Analysis for FAS-670 A/G polymorphism

A total of 2,127 cases and 2,408 controls were identified for the analysis on FAS-670 A/G polymorphism and cervical cancer risk. The overall result suggested no statistically significant association of this polymorphism with cervical cancer susceptibility (for G vs. A: OR=1.016; 95% CI, 0.898–1.149; P=0.028 for heterogeneity; for GG vs. AA: OR=0.944; 95% CI, 0.729–1.222; P=0.058 for heterogeneity; for GA vs.

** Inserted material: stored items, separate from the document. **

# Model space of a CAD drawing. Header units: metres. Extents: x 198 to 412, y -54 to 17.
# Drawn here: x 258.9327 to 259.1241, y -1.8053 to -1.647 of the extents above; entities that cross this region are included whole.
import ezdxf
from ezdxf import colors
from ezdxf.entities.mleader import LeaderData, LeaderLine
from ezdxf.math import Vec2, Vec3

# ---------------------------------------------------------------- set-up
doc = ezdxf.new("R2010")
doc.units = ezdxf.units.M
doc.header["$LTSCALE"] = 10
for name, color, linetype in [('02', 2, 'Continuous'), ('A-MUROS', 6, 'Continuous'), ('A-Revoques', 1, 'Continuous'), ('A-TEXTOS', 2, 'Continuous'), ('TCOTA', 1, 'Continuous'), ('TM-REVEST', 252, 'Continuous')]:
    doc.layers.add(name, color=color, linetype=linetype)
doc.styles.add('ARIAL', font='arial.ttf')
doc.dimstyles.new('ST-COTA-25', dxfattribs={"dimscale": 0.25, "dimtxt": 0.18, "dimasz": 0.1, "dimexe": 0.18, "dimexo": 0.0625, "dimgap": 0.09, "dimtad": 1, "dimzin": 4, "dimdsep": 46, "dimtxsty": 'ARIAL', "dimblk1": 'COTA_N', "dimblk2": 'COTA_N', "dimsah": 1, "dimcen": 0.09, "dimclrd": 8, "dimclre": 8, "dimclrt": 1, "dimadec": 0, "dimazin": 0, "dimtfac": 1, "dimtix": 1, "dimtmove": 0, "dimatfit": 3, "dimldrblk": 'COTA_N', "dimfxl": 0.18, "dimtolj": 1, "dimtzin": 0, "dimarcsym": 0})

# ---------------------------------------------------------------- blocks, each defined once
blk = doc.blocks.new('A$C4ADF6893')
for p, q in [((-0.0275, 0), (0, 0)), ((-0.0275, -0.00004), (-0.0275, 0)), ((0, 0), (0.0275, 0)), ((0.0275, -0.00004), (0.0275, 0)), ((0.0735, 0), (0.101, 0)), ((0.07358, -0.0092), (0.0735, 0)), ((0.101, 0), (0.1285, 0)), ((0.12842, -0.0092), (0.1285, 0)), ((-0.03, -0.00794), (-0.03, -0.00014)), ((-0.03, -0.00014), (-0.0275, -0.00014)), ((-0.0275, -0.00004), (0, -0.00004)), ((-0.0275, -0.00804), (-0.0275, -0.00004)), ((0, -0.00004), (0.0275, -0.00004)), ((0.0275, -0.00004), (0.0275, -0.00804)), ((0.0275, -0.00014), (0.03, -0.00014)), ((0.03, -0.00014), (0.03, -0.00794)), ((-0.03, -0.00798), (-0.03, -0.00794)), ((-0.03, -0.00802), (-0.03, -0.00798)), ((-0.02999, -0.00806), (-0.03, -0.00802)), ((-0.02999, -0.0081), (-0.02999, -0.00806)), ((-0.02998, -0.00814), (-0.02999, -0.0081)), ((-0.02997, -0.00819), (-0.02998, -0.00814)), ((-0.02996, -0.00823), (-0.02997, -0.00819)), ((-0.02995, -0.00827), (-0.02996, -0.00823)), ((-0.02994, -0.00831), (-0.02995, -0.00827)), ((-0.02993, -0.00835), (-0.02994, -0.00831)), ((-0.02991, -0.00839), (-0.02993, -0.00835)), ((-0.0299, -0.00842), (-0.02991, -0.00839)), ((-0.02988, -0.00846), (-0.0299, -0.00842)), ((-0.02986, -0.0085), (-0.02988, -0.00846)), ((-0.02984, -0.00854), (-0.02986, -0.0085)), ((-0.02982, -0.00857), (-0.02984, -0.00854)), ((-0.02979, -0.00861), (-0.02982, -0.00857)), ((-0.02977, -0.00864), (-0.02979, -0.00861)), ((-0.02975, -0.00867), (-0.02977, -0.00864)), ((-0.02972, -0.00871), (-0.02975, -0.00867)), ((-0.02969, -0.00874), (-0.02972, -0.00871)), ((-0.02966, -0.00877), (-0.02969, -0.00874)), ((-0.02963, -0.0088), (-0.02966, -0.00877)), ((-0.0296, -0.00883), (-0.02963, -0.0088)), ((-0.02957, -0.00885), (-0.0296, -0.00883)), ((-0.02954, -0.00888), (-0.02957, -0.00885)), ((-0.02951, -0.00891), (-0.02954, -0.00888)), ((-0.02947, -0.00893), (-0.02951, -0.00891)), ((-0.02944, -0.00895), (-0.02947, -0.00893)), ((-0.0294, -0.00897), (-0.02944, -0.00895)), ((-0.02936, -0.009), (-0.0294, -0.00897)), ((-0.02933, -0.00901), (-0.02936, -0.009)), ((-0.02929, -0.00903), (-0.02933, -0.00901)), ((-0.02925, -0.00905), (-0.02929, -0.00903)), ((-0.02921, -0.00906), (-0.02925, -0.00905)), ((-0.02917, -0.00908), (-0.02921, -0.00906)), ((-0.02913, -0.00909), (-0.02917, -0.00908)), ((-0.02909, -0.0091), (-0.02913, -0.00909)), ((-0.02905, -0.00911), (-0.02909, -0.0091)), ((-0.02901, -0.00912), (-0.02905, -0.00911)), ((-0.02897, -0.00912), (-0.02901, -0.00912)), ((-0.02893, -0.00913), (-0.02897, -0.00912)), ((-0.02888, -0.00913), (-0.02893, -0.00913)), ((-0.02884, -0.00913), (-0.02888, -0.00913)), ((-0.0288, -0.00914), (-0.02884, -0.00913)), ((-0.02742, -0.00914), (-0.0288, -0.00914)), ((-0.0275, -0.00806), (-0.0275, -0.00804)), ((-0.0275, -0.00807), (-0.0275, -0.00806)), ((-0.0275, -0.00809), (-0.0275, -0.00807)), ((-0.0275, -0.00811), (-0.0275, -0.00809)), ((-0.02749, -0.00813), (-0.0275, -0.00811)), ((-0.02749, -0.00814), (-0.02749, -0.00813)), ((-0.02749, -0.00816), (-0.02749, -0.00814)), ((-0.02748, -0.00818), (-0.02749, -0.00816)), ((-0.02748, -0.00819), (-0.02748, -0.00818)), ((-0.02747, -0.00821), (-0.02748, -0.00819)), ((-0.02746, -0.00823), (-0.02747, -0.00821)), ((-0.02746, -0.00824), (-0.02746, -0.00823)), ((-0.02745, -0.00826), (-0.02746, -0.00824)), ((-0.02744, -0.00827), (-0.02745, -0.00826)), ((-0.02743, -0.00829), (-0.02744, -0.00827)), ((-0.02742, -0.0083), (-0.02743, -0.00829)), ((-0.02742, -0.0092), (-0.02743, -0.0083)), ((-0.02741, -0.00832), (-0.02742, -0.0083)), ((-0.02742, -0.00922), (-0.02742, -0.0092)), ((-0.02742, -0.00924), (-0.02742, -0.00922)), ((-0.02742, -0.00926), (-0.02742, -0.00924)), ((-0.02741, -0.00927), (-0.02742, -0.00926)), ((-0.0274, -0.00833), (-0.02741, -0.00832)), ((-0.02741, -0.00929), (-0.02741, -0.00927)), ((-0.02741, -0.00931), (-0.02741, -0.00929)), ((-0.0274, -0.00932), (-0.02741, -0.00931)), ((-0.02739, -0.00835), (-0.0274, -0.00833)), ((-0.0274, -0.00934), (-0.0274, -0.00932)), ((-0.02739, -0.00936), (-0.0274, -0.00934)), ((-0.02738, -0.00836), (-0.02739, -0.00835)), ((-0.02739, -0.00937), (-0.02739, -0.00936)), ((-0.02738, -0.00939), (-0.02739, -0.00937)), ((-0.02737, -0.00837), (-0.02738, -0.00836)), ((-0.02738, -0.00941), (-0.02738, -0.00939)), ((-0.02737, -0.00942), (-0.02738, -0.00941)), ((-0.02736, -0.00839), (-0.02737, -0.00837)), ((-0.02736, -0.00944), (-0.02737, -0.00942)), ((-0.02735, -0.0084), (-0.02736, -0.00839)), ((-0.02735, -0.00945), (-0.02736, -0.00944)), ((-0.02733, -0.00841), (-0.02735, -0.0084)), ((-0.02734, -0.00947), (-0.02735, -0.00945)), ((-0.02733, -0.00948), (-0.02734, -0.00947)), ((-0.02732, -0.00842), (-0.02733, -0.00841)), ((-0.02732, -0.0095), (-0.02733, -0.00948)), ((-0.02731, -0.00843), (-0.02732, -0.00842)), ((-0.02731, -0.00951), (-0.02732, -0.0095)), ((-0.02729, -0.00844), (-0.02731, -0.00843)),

AA: OR=1.034; 95% CI, 0.768–1.393; P=0.000 for heterogeneity; for GG+GA vs. AA: OR=1.043; 95% CI, 0.797–1.366; P=0.000 for heterogeneity; for GG vs. GA/AA: OR=0.999; 95% CI, 0.784–1.274; P=0.004 for heterogeneity; Table II). In the subgroup analyses by ethnicity and source of controls, no significant associations were found for the genetic models (Table II). Following the exclusion of studies deviating from HWE in controls (17,18), the non-associations in the above-mentioned genetic models remained.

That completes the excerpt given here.